REACTION PERFORMANCE OF METHANOL REFORMING WITH STEAM OVER VARIOUS IMPREGNATED AND COPRECIPITATED COPPER-CATALYSTS

To establish a catalytic process for the steam-reforming of methanol, various impregnated-supported and coprecipitated catalysts (supports: Al2O3 (tau, theta, alpha), CaO, CeO2, Cr2O3, La2O3, MgO, Nb2O5, SiO2, TiO2, Y2O3, ZnO, ZrO2) were prepared and the relationship between reaction conditions and catalytic reaction performance was investigated, together with an examination of the effect of impurities (ethanol, acetone, acetic acid) in methanol on the catalytic activity.

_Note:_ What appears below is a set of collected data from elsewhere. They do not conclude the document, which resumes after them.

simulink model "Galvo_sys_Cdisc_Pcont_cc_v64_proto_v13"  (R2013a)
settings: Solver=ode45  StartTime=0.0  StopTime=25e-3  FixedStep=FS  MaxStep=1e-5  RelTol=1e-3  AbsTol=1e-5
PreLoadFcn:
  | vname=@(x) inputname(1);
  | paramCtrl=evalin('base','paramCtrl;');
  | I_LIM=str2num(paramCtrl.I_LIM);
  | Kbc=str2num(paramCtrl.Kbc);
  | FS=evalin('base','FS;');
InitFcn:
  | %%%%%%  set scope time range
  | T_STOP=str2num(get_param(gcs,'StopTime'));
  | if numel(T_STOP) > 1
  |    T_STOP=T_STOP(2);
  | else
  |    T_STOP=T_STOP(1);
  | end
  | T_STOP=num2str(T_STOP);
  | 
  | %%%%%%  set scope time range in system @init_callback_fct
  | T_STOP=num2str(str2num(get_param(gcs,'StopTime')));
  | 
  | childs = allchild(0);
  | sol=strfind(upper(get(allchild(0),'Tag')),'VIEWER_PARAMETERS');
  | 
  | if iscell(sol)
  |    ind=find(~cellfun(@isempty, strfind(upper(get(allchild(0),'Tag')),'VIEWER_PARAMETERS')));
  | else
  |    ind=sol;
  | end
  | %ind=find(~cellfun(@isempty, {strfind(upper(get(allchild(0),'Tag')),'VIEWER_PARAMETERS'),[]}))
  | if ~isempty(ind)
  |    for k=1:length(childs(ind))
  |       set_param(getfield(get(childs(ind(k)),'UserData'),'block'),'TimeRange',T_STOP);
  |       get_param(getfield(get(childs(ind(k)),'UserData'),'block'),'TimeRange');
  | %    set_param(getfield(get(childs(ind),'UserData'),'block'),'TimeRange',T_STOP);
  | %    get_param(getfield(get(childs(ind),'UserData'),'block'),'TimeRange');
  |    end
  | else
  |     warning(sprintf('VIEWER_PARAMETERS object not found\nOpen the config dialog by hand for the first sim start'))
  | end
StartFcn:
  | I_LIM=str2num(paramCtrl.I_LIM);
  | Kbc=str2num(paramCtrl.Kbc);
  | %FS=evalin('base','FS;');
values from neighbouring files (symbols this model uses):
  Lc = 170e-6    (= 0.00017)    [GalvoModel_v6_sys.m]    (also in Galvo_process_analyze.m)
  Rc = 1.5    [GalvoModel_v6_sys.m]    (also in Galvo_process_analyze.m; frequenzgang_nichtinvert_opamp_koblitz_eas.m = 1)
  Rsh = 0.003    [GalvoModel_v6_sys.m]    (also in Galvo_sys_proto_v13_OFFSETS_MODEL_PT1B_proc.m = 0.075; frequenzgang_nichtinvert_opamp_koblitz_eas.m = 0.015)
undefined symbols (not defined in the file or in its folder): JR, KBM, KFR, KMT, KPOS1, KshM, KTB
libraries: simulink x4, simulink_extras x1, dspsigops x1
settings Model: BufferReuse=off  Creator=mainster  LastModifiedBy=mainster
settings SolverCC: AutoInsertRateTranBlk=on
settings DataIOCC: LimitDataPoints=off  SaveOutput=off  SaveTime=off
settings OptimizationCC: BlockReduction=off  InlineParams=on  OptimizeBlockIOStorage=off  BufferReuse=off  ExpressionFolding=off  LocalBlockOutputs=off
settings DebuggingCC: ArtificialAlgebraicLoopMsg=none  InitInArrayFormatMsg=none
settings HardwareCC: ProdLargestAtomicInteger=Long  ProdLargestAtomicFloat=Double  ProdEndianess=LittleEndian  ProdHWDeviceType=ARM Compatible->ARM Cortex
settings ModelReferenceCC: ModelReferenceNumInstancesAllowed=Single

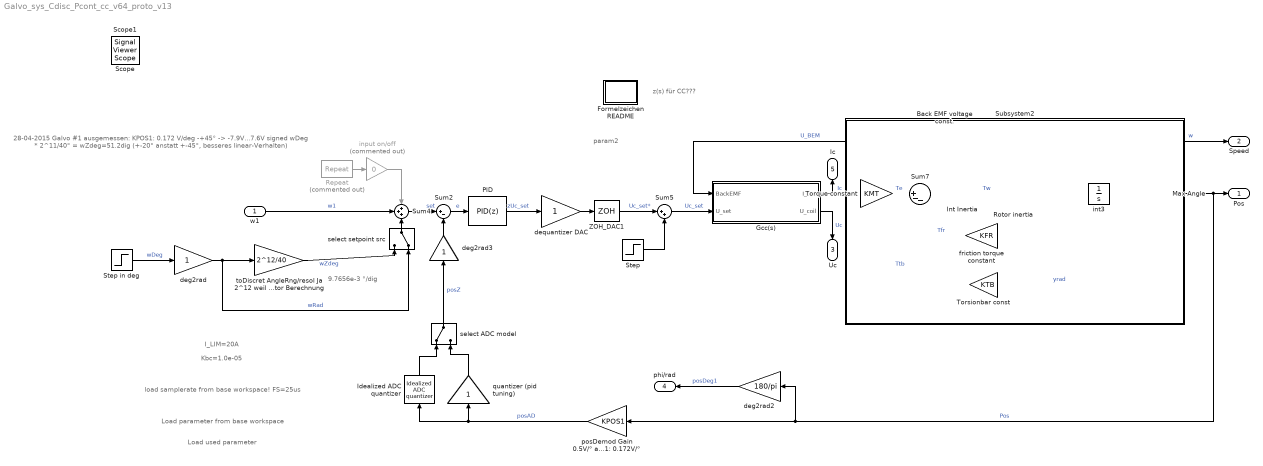
== system Galvo_sys_Cdisc_Pcont_cc_v64_proto_v13 ==
  note: 9.7656e-3 °/dig
  note: 28-04-2015
      | Galvo #1 ausgemessen:
      |
      | KPOS1: 0.172 V/deg
      |  -+45° ->  -7.9V...7.6V
      |
      | signed wDeg * 2^11/40° = wZdeg=51.2dig
      | (+-20° anstatt +-45°, besseres
      | linear-Verhalten)
  note: z(s) für
      | CC???
  note: param2
  note: I_LIM=20A
  note: Kbc=1.0e-05
  note: load samplerate from
      | base workspace!
      | FS=25us
  note: Load parameter from
      | base workspace
  note: Load used parameter
  w1 : Inport
  Back EMF voltage const. : Gain  Gain=KBM
  Formelzeichen README : Subsystem
  Gcc(s) : Subsystem
      mask Display:
      | %str=sprintf('%s',get(gcbh,'ModelName'));
      | port_label('input', 2, 'I/U_{Set}','texmode','on')
      | color('red');
      | port_label('input', 1, 'U_{BEM}','texmode','on')
      | color('black');
      | port_label('output', 1, 'I_{Coil}','texmode','on')
      | port_label('output', 2, 'U_{Coil}','texmode','on')
      | %text(.05,.98,['{\fontsize{12}\it\bf' strrep(str,'_',' ') '}'],'horizontalAlignment','left','verticalAlignment','top','texmode','on')
      | text(.5,0.95,['{\fontsize{12}\it\bfG_{cc}(s)}'],'horizontalAlignment','center','verticalAlignment','top','texmode','on')
      | %text(.5,0.45,['{\fontsize{8}\itKpcc=' num2str(get_param([gcb '/Cc(s)'],'P')) '}'],'horizontalAlignment','center','verticalAlignment','top','texmode','on')
      | %text(.5,0.25,['{\fontsize{8}\itKshM=' num2str(evalin('base',get_param([gcb '/shuntMonGain'],'Gain'))) '}'],'horizontalAlignment','center','verticalAlignment','top','texmode','on')
      | 
      | %text(.15,.05,['{\fontsize{10}\itmechanics}'],'horizontalAlignment','left','verticalAlignment','bottom','texmode','on')
  Idealized ADC quantizer : simulink_extras/Additional Discrete/Idealized ADC quantizer  NumberOfConverterBits=12  Vmin=-1.25  Vmax=1.25  OutputDataType=int16  OutputNegativeValues=on
  Int Inertia : Integrator
  Max Angle : Saturate  UpperLimit=20*pi/180*1e3  LowerLimit=-20*pi/180*1e3
      settings: AttributesFormatString=Max=%<UpperLimit>\nMin=%<LowerLimit>
  PID : simulink/Continuous/PID Controller  Controller=PID  TimeDomain=Discrete-time  SampleTime=FS  IntegratorMethod=Forward Euler  FilterMethod=Forward Euler  Form=Parallel  P=133.868463594608  I=12873.0781764522  D=0.158359314809688  N=29290.0509767599  InitialConditionSource=internal  InitialConditionForIntegrator=0  InitialConditionForFilter=0  ExternalReset=none  IgnoreLimit=on  LimitOutput=on  UpperSaturationLimit=2047  LowerSaturationLimit=-2048  LinearizeAsGain=off  AntiWindupMode=clamping  Kb=0.1  TrackingMode=off  Kt=0  PParamMin=[]  PParamMax=[]  IParamMin=[]  IParamMax=[]  DParamMin=[]  DParamMax=[]  NParamMin=[]  NParamMax=[]  KbParamMin=[]  KbParamMax=[]  KtParamMin=[]  KtParamMax=[]  POutMin=[]  POutMax=[]  IOutMin=[]  IOutMax=[]  DOutMin=[]  DOutMax=[]  NOutMin=[]  NOutMax=[]  KbOutMin=[]  KbOutMax=[]  KtOutMin=[]  KtOutMax=[]  IntegratorOutMin=[]  IntegratorOutMax=[]  FilterOutMin=[]  FilterOutMax=[]  SumOutMin=[]  SumOutMax=[]  SumI1OutMin=[]  SumI1OutMax=[]  SumI2OutMin=[]  SumI2OutMax=[]  SumI3OutMin=[]  SumI3OutMax=[]  SumDOutMin=[]  SumDOutMax=[]  SaturationOutMin=[]  SaturationOutMax=[]  IntegratorContinuousStateAttributes=''  IntegratorStateMustResolveToSignalObject=off  IntegratorRTWStateStorageClass=Auto  FilterContinuousStateAttributes=''  FilterStateMustResolveToSignalObject=off  FilterRTWStateStorageClass=Auto
      settings: AttributesFormatString=Kp: %<P>\nKi: %<I>\nKd: %<D>\nuplim: %<UpperSaturationLimit>\nlolim: %<LowerSaturationLimit>
  Repeat : dspsigops/Repeat  Commented=on  N=length(str2num(get_param([gcs '/Sequence Stair'], 'OutValues')))  InputProcessing=Columns as channels (frame based)  RateOptions=Allow multirate processing  ic=0  mode=Unused parameter value
  Rotor inertia : Gain  Gain=1/JR
  Step : Step  Time=100e-3  After=0  SampleTime=0
      settings: AttributesFormatString=Ampl.: %<After>\ntime:%<Time>
  Step in deg : Step  Time=1e-3  SampleTime=0  ZeroCross=off
      settings: AttributesFormatString=Ampl.: %<After>\ntime:%<Time>
  Subsystem2 : Subsystem
      mask Display: text(.05,.05,['{\fontsize{13}\it\bfGalvo mechanic}'],'horizontalAlignment','left','verticalAlignment','bottom','texmode','on')
  Sum2 : Sum  Inputs=|+-
  Sum4 : Sum  Inputs=+++
  Sum5 : Sum  Inputs=|++
  Sum7 : Sum  Inputs=||+--
  Torque constant : Gain  Gain=KMT
  Torsionbar const : Gain  Gain=KTB
  ZOH_DAC1 : ZeroOrderHold  SampleTime=FS
  deg2rad : Gain
  deg2rad2 : Gain  Gain=180/pi
  deg2rad3 : Gain
  dequantizer DAC : Gain
  friction torque constant : Gain  Gain=KFR
  input on/off : Gain  Commented=on  Gain=0  SampleTime=FS
  int3 : Integrator
  "posDemod Gain 0.5V/° ausgemessen bei Galvo #1: 0.172V/° " : Gain  Gain=KPOS1
  quantizer (pid tuning) : Gain
  select ADC model : ManualSwitch
  select setpoint src : ManualSwitch  CurrentSetting=0
  "toDiscret AngleRng/resol Ja 2^12 weil nur Faktor Berechnung " : Gain  Gain=2^12/40
  Pos : Outport
  Speed : Outport  Port=2
  Uc : Outport  Port=3
  phi/rad : Outport  Port=4
  Ic : Outport  Port=5
  Scope : SignalViewerScope  IOType=viewer  NumInputPorts=5  RefreshTime=0.033391
      settings: ShowLegends=on  TimeRange=0.025  YMin=0~-500~0~0~-500  YMax=8~2500~8~400~2500
  Scope1 : SignalViewerScope  IOType=viewer  NumInputPorts=5  RefreshTime=0.035000
      settings: ShowLegends=on  TimeRange=0.025  YMin=-10~0~-0.5~-20~0  YMax=10~1.5~1~30~120
  wires:
  w1/1 -> Sum4/2  "w1"
  Repeat/1 -> input on/off/1
  Sum2/1 -> PID/1  "e"
  Sum4/1 -> Sum2/1  "set"
  Step in deg/1 -> deg2rad/1  "wDeg"
  input on/off/1 -> Sum4/1
  Step/1 -> Sum5/2
  int3/1 -> Max Angle/1, Torsionbar const/1  "yrad"
  Int Inertia/1 -> Rotor inertia/1  "Tw"
  Sum7/1 -> Int Inertia/1
  Rotor inertia/1 -> Speed/1, int3/1, Back EMF voltage const./1, friction torque constant/1  "w"
  friction torque constant/1 -> Sum7/3  "Tfr"
  Max Angle/1 -> deg2rad2/1, "posDemod Gain 0.5V/° ausgemessen bei Galvo #1: 0.172V/° "/1, Pos/1  "Pos"
  Torque constant/1 -> Sum7/1  "Te"
  Torsionbar const/1 -> Sum7/2  "Ttb"
  PID/1 -> dequantizer DAC/1  "zUc_set"
  Sum5/1 -> Gcc(s)/2(U_set)  "Uc_set"
  Gcc(s)/1(I_coil) -> Torque constant/1, Ic/1  "Ic"
  Gcc(s)/2(U_coil) -> Uc/1  "Uc"
  "posDemod Gain 0.5V/° ausgemessen bei Galvo #1: 0.172V/° "/1 -> Idealized ADC quantizer/1, quantizer (pid tuning)/1  "posAD"
  deg2rad2/1 -> phi/rad/1  "posDeg1"
  Back EMF voltage const./1 -> Gcc(s)/1(BackEMF)  "U_BEM"
  ZOH_DAC1/1 -> Sum5/1  "Uc_set*"
  Idealized ADC quantizer/1 -> select ADC model/1
  select ADC model/1 -> deg2rad3/1  "posZ"
  "toDiscret AngleRng/resol Ja 2^12 weil nur Faktor Berechnung "/1 -> select setpoint src/1  "wZdeg"
  select setpoint src/1 -> Sum4/3
  deg2rad3/1 -> Sum2/2
  deg2rad/1 -> select setpoint src/2, "toDiscret AngleRng/resol Ja 2^12 weil nur Faktor Berechnung "/1  "wRad"
  quantizer (pid tuning)/1 -> select ADC model/2
  dequantizer DAC/1 -> ZOH_DAC1/1

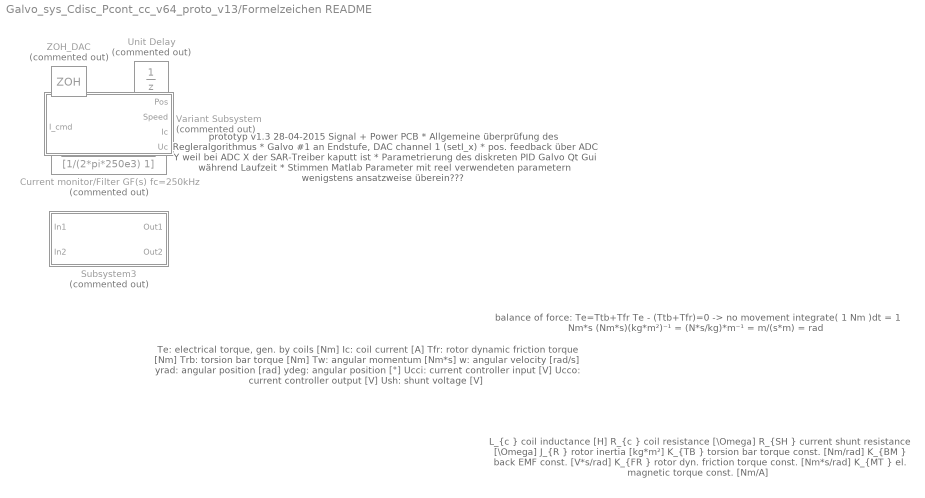
== system Galvo_sys_Cdisc_Pcont_cc_v64_proto_v13/Formelzeichen README ==
  note: Te: 		electrical torque, gen. by coils		[Nm]
      |  Ic: 			coil current							[A]
      |  Tfr:		rotor dynamic friction torque 		[Nm]
      |  Trb:		torsion bar torque					[Nm]
      |  Tw:		angular momentum				[Nm*s]
      |  w:			angular velocity 					[rad/s]
      |  yrad:		angular position 					[rad]
      |  ydeg:		angular position 					[°]
      |  Ucci:		current controller input				[V]
      |  Ucco:		current controller output			[V]
      |  Ush:		shunt voltage						[V]
  note: L_{c  }	coil inductance 							[H]
      |  R_{c  }	coil resistance							[\Omega]
      |  R_{SH }	current shunt resistance				[\Omega]
      |  J_{R  }	rotor inertia 							[kg*m²]
      |  K_{TB }	torsion bar torque const. 			[Nm/rad]
      |  K_{BM }	back EMF const.							[V*s/rad]
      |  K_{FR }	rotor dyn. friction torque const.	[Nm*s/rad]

Furthermore, the catalytic decomposition of methanol and the reaction of carbon dioxide and hydrogen formed (the reverse reaction of shift conversion) were studied. The experiments were carried out using a fixed-bed flow reactor under atmospheric pressure at 200-degrees and 250-degrees-C. The inlet gases were mainly 10%CH3OH-10%H2O-N2, the total flow rate was 119 cm3N.min-1 per 1.0 ml of each catalyst with an average diameter of 1.0 mm, and the space velocity was 7.1 x 10(3) h-1. The main results obtained were as follows. (1) ZrO2 and alpha-Al2O3 were superior supports, giving good catalytic activity and selectivity, and the copper content was suitable at ca. 15 wt% for the impregnated-supported catalysts and ca. 70wt% for the coprecipitated catalysts. (2) The impurities in methanol caused a remarkable deactivation of catalysts above 10 ppm content, but were temporary poisons by the impurities, and in pure methanol the activities were completely recovered. (3) In ZrO2 and alpha-Al2O3 impregnated-supported copper catalysts, a by-product, carbon monoxide, was remarkably inhibited, and it was proved that this carbon monoxide was produced by the reaction of carbon dioxide and hydrogen formed.